张排长和他的战士,多次在这个叫上清村的朝鲜江原道的小山村生活和战斗过;也受到了村民的无私援助,我们将在以后的章节里再写。不只是他,还有一些志愿军战士把阿妈妮当着自己的母亲一样。要走了,张排长心里舍不得,他真得不想离开阿妈妮!他看着阿妈妮,觉得难也开口;马上要走了,回到国内了。看到张排长想说,嘴唇蠕动几下,就略低头。又看到张排长几次抬起右手在方正的鼻翼上心不在焉地擦了一下,又把放下的手放在他腰间的宽皮带上,摸了摸。敏感的阿妈妮知道,张排长和他的志愿军战士们,终于要走了;因为,抗美援朝已经结束了两个月了。据说,有些志愿军都陆续回国了。当然,他们也要回国了,也是时候了。阿妈妮立刻感到心里空空的,仿佛志愿军这一走,自己的心也抽走了似的。他们是好人,她想到:可是要走了。她还是希望张排长和他的战士留下来,不走,或者再呆一会,也好呀!尽管,她觉得这事不可能了,可她还是十分想看见志愿军,真希望他们不走。她看到张排长默默无语略低的脸,阿妈妮还是忍不住问:
“真的要走,是吗?”
张排长心情难受地点点头。他以为阿妈妮还要说什么,就略抬起他脸看着阿妈妮。结果阿妈妮没有说话。张排长就呆呆地看着,心里在翻动。看到了阿妈妮非常的六神无主,又十分的无奈,几乎就呆在那里。

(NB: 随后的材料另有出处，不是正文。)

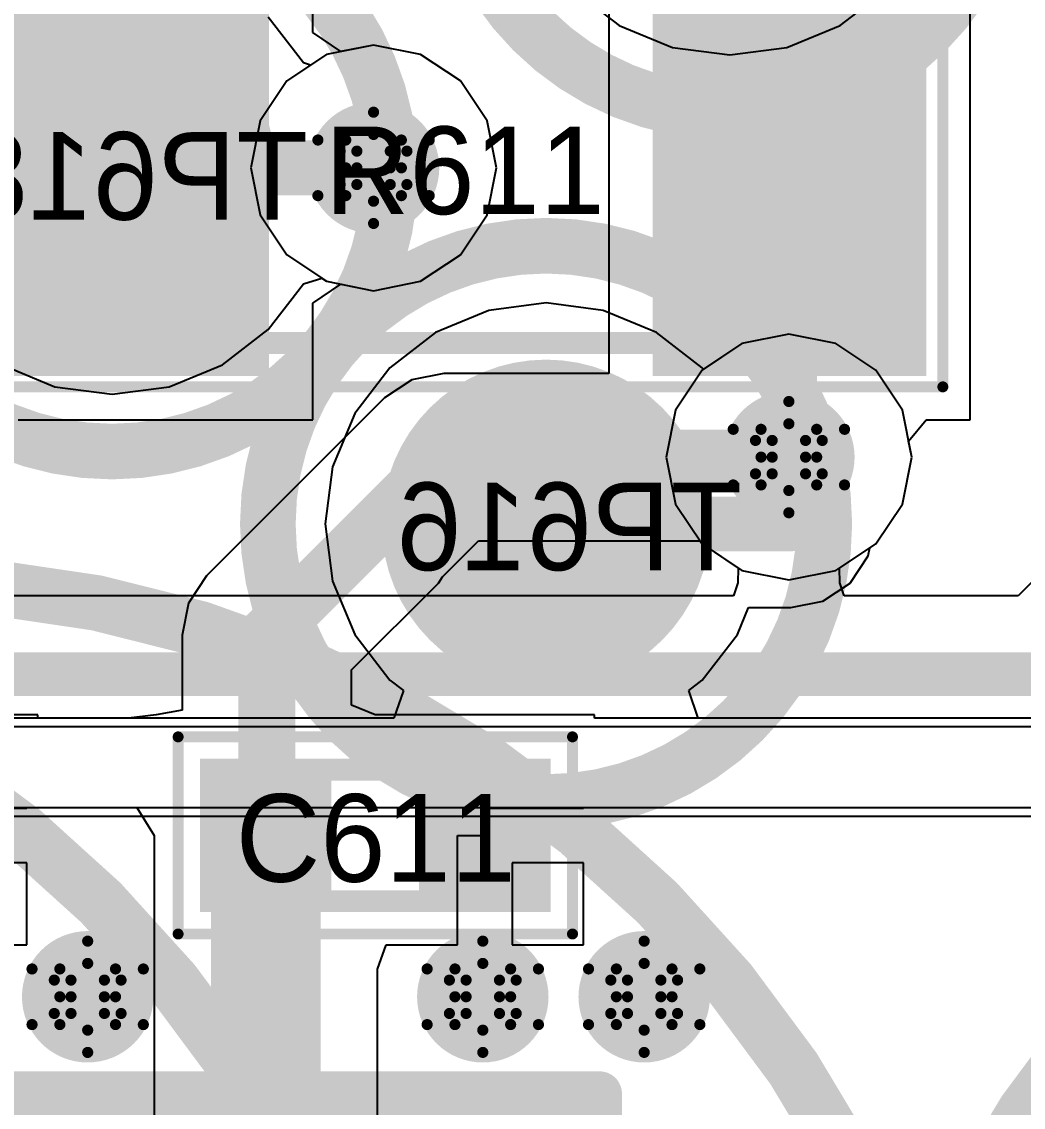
# Model space of a CAD drawing. Header units: millimetres. Extents: x 5 to 399, y 5 to 287.
# Drawn here: x 234.456 to 239.027, y 120.839 to 125.796 of the extents above; entities that cross this region are included whole.
import ezdxf

# ---------------------------------------------------------------- set-up
doc = ezdxf.new("R2010")
doc.units = ezdxf.units.MM
for name, color, linetype in [('BottomLayer', 5, 'Continuous'), ('BottomOverlay', 54, 'Continuous'), ('BottomPaste', 16, 'Continuous'), ('BottomSolder', 6, 'Continuous'), ('DrillDrawing', 1, 'Continuous'), ('DrillGuide', 244, 'Continuous'), ('Mechanical13', 56, 'Continuous'), ('Mechanical7', 56, 'Continuous'), ('MidLayer1', 16, 'Continuous'), ('MidLayer2', 76, 'Continuous'), ('MultiLayer', 9, 'Continuous'), ('TopLayer', 1, 'Continuous'), ('TopOverlay', 2, 'Continuous'), ('TopPaste', 8, 'Continuous'), ('TopSolder', 216, 'Continuous'), ('ViaHoleLayer', 16, 'Continuous')]:
    doc.layers.add(name, color=color, linetype=linetype)

# ---------------------------------------------------------------- blocks, each defined once
blk = doc.blocks.new('1206_R_86')
at = {"layer": 'Mechanical13', "const_width": 0.1}
for points in [[(-1.5998, 0.8002), (-1.5998, -0.7999)], [(1.6002, 0.8002), (-1.5998, 0.8002)], [(1.6002, 0.8002), (1.6002, -0.7999)], [(1.6002, -0.7999), (-1.5998, -0.7999)]]:
    blk.add_lwpolyline(points, dxfattribs=at)
at = {"layer": 'Mechanical13', "const_width": 0.05}
for points in [[(-1.6248, 0.8002, 1), (-1.5748, 0.8002, 1)], [(-1.6248, 0.8002, 1), (-1.5748, 0.8002, 1)], [(1.5752, 0.8002, 1), (1.6252, 0.8002, 1)], [(1.5752, 0.8002, 1), (1.6252, 0.8002, 1)], [(-1.6248, -0.7999, 1), (-1.5748, -0.7999, 1)], [(-1.6248, -0.7999, 1), (-1.5748, -0.7999, 1)], [(1.5752, -0.7999, 1), (1.6252, -0.7999, 1)], [(1.5752, -0.7999, 1), (1.6252, -0.7999, 1)]]:
    blk.add_lwpolyline(points, format="xyb", close=True, dxfattribs=at)
at = {"layer": 'TopLayer'}
for points in [[(-0.925, -0.9), (-0.925, 0.9), (-2.075, -0.9), (-2.075, 0.9)], [(2.075, -0.9), (2.075, 0.9), (0.925, -0.9), (0.925, 0.9)]]:
    blk.add_solid(points, dxfattribs=at)
at = {"layer": 'TopOverlay', "const_width": 0.05}
for points in [[(2.175, 1), (-2.2, 1)], [(-2.2, 1), (-2.2, -1)], [(2.175, 1), (2.175, -1)], [(2.175, -1), (-2.2, -1)]]:
    blk.add_lwpolyline(points, dxfattribs=at)
at = {"layer": 'TopOverlay', "const_width": 0.025}
for points in [[(-2.2125, 1, 1), (-2.1875, 1, 1)], [(-2.2125, 1, 1), (-2.1875, 1, 1)], [(2.1625, 1, 1), (2.1875, 1, 1)], [(2.1625, 1, 1), (2.1875, 1, 1)], [(-2.2125, -1, 1), (-2.1875, -1, 1)], [(-2.2125, -1, 1), (-2.1875, -1, 1)], [(2.1625, -1, 1), (2.1875, -1, 1)], [(2.1625, -1, 1), (2.1875, -1, 1)]]:
    blk.add_lwpolyline(points, format="xyb", close=True, dxfattribs=at)
at = {"layer": 'TopPaste'}
for points in [[(-0.925, -0.9), (-0.925, 0.9), (-2.075, -0.9), (-2.075, 0.9)], [(2.075, -0.9), (2.075, 0.9), (0.925, -0.9), (0.925, 0.9)]]:
    blk.add_solid(points, dxfattribs=at)
at = {"layer": 'TopSolder'}
for points in [[(-0.875, -0.95), (-0.875, 0.95), (-2.125, -0.95), (-2.125, 0.95)], [(2.125, -0.95), (2.125, 0.95), (0.875, -0.95), (0.875, 0.95)]]:
    blk.add_solid(points, dxfattribs=at)
blk = doc.blocks.new('TP1_5MM_B_93')
at = {"layer": 'BottomLayer', "const_width": 0.75}
blk.add_lwpolyline([(-0.375, 0, 1), (0.375, 0, 1)], format="xyb", close=True, dxfattribs=at)
at = {"layer": 'BottomOverlay'}
for points, const_width in [([(1.27, 0, 1), (-1.27, 0, 1)], 0.254), ([(-1.3335, 0, 1), (-1.2065, 0, 1)], 0.127), ([(1.2065, 0, 1), (1.3335, 0, 1)], 0.127)]:
    blk.add_lwpolyline(points, format="xyb", close=True, dxfattribs=dict(at, const_width=const_width))
at = {"layer": 'BottomPaste', "const_width": 0.75}
blk.add_lwpolyline([(-0.375, 0, 1), (0.375, 0, 1)], format="xyb", close=True, dxfattribs=at)
at = {"layer": 'BottomSolder', "const_width": 0.75}
blk.add_lwpolyline([(-0.375, 0, 1), (0.375, 0, 1)], format="xyb", close=True, dxfattribs=at)
blk = doc.blocks.new('TP1_5MM_B_94')
at = {"layer": 'BottomLayer', "const_width": 0.75}
blk.add_lwpolyline([(-0.375, 0, 1), (0.375, 0, 1)], format="xyb", close=True, dxfattribs=at)
at = {"layer": 'BottomOverlay'}
for points, const_width in [([(1.27, 0, 1), (-1.27, 0, 1)], 0.254), ([(-1.3335, 0, 1), (-1.2065, 0, 1)], 0.127), ([(1.2065, 0, 1), (1.3335, 0, 1)], 0.127)]:
    blk.add_lwpolyline(points, format="xyb", close=True, dxfattribs=dict(at, const_width=const_width))
at = {"layer": 'BottomPaste', "const_width": 0.75}
blk.add_lwpolyline([(-0.375, 0, 1), (0.375, 0, 1)], format="xyb", close=True, dxfattribs=at)
at = {"layer": 'BottomSolder', "const_width": 0.75}
blk.add_lwpolyline([(-0.375, 0, 1), (0.375, 0, 1)], format="xyb", close=True, dxfattribs=at)
blk = doc.blocks.new('TP1_5MM_B_95')
at = {"layer": 'BottomLayer', "const_width": 0.75}
blk.add_lwpolyline([(-0.375, 0, 1), (0.375, 0, 1)], format="xyb", close=True, dxfattribs=at)
at = {"layer": 'BottomOverlay'}
for points, const_width in [([(1.27, 0, 1), (-1.27, 0, 1)], 0.254), ([(-1.3335, 0, 1), (-1.2065, 0, 1)], 0.127), ([(1.2065, 0, 1), (1.3335, 0, 1)], 0.127)]:
    blk.add_lwpolyline(points, format="xyb", close=True, dxfattribs=dict(at, const_width=const_width))
at = {"layer": 'BottomPaste', "const_width": 0.75}
blk.add_lwpolyline([(-0.375, 0, 1), (0.375, 0, 1)], format="xyb", close=True, dxfattribs=at)
at = {"layer": 'BottomSolder', "const_width": 0.75}
blk.add_lwpolyline([(-0.375, 0, 1), (0.375, 0, 1)], format="xyb", close=True, dxfattribs=at)
blk = doc.blocks.new('CON_THT_3P_MTA_100_169')
at = {"layer": 'TopOverlay', "const_width": 0.2032}
for points in [[(-6.604, 3.175), (-6.604, -2.54)], [(1.524, -2.54), (-6.604, -2.54)]]:
    blk.add_lwpolyline(points, dxfattribs=at)
at = {"layer": 'TopOverlay', "const_width": 0.1016}
blk.add_lwpolyline([(-6.6548, -2.54, 1), (-6.5532, -2.54, 1)], format="xyb", close=True, dxfattribs=at)
blk.add_lwpolyline([(-6.6548, -2.54, 1), (-6.5532, -2.54, 1)], format="xyb", close=True, dxfattribs=at)
blk = doc.blocks.new('M4_4_5_PAD9_210')
at = {"layer": 'BottomLayer', "const_width": 4.5}
blk.add_lwpolyline([(36.379, 0, 1), (40.879, 0, 1)], format="xyb", close=True, dxfattribs=at)
at = {"layer": 'BottomSolder', "const_width": 4.55}
blk.add_lwpolyline([(36.354, 0, 1), (40.904, 0, 1)], format="xyb", close=True, dxfattribs=at)
at = {"layer": 'MidLayer1', "const_width": 4.5}
blk.add_lwpolyline([(36.379, 0, 1), (40.879, 0, 1)], format="xyb", close=True, dxfattribs=at)
at = {"layer": 'MidLayer2', "const_width": 4.5}
blk.add_lwpolyline([(36.379, 0, 1), (40.879, 0, 1)], format="xyb", close=True, dxfattribs=at)
at = {"layer": 'MultiLayer', "const_width": 4.5}
blk.add_lwpolyline([(36.379, 0, 1), (40.879, 0, 1)], format="xyb", close=True, dxfattribs=at)
at = {"layer": 'TopLayer', "const_width": 4.5}
blk.add_lwpolyline([(36.379, 0, 1), (40.879, 0, 1)], format="xyb", close=True, dxfattribs=at)
at = {"layer": 'TopSolder', "const_width": 4.55}
blk.add_lwpolyline([(36.354, 0, 1), (40.904, 0, 1)], format="xyb", close=True, dxfattribs=at)
blk = doc.blocks.new('0402___302')
at = {"layer": 'Mechanical13', "const_width": 0.1}
for points in [[(-0.55, 0.3), (0.55, 0.3)], [(-0.55, -0.3), (-0.55, 0.3)], [(0.55, -0.3), (0.55, 0.3)], [(-0.55, -0.3), (0.55, -0.3)]]:
    blk.add_lwpolyline(points, dxfattribs=at)
at = {"layer": 'Mechanical13', "const_width": 0.05}
for points in [[(-0.575, 0.3, 1), (-0.525, 0.3, 1)], [(-0.575, 0.3, 1), (-0.525, 0.3, 1)], [(0.525, 0.3, 1), (0.575, 0.3, 1)], [(0.525, 0.3, 1), (0.575, 0.3, 1)], [(-0.575, -0.3, 1), (-0.525, -0.3, 1)], [(-0.575, -0.3, 1), (-0.525, -0.3, 1)], [(0.525, -0.3, 1), (0.575, -0.3, 1)], [(0.525, -0.3, 1), (0.575, -0.3, 1)]]:
    blk.add_lwpolyline(points, format="xyb", close=True, dxfattribs=at)
at = {"layer": 'TopLayer'}
for points in [[(-0.25, -0.3), (-0.25, 0.3), (-0.75, -0.3), (-0.75, 0.3)], [(0.75, -0.3), (0.75, 0.3), (0.25, -0.3), (0.25, 0.3)]]:
    blk.add_solid(points, dxfattribs=at)
at = {"layer": 'TopOverlay', "const_width": 0.05}
for points in [[(-0.9, -0.45), (-0.9, 0.45)], [(-0.9, 0.45), (0.9, 0.45)], [(0.9, -0.45), (0.9, 0.45)], [(-0.9, -0.45), (0.9, -0.45)]]:
    blk.add_lwpolyline(points, dxfattribs=at)
at = {"layer": 'TopOverlay', "const_width": 0.025}
for points in [[(-0.9125, 0.45, 1), (-0.8875, 0.45, 1)], [(-0.9125, 0.45, 1), (-0.8875, 0.45, 1)], [(0.8875, 0.45, 1), (0.9125, 0.45, 1)], [(0.8875, 0.45, 1), (0.9125, 0.45, 1)], [(-0.9125, -0.45, 1), (-0.8875, -0.45, 1)], [(-0.9125, -0.45, 1), (-0.8875, -0.45, 1)], [(0.8875, -0.45, 1), (0.9125, -0.45, 1)], [(0.8875, -0.45, 1), (0.9125, -0.45, 1)]]:
    blk.add_lwpolyline(points, format="xyb", close=True, dxfattribs=at)
at = {"layer": 'TopPaste'}
for points in [[(-0.25, -0.3), (-0.25, 0.3), (-0.75, -0.3), (-0.75, 0.3)], [(0.75, -0.3), (0.75, 0.3), (0.25, -0.3), (0.25, 0.3)]]:
    blk.add_solid(points, dxfattribs=at)
at = {"layer": 'TopSolder'}
for points in [[(-0.2, -0.35), (-0.2, 0.35), (-0.8, -0.35), (-0.8, 0.35)], [(0.8, -0.35), (0.8, 0.35), (0.2, -0.35), (0.2, 0.35)]]:
    blk.add_solid(points, dxfattribs=at)

msp = doc.modelspace()

# ---------------------------------------------------------------- linework, layer by layer
at = {"layer": 'BottomLayer'}
for p, q in [((236.9744, 125.9394), (237.1833, 125.7791)), ((238.1919, 125.7791), (238.4008, 125.9394)), ((235.7417, 125.6075), (235.5814, 125.8164)), ((237.1833, 125.7791), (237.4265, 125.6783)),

张排长知道,阿妈妮最心疼志愿军每一个战士。冬天,为睡着在地铺上的志愿军,烧炉子,半夜起来为志愿军战士盖好被他们蹬离他们自己胸部的铺盖。对张排长更心疼。有一次,张排长发烧,阿妈妮一个晚上,都用拧干水的布,一次又一次放在张排长又红又烫的饱满的额头上,一夜没有睡。她已经把张排长看着是自己儿子。我们将在以后的章节里再写。
阿妈妮还是说:“你们就不能多呆一下。”
“妈妈,”张排长有些哽咽,他感到喉咙打不开,嗓子发硬。他的感激而淳朴凝神的眼光,看着阿妈妮。他的被脸挡住些微暗的脖子上喉结,上下动了动。好像在有些失力地吞口水似的。过一小会,张排长才不得不说:“我们接到了团部的命令,马上就到江原道剩火车,回国了。”张排长同样把阿玛尼看着是自己妈。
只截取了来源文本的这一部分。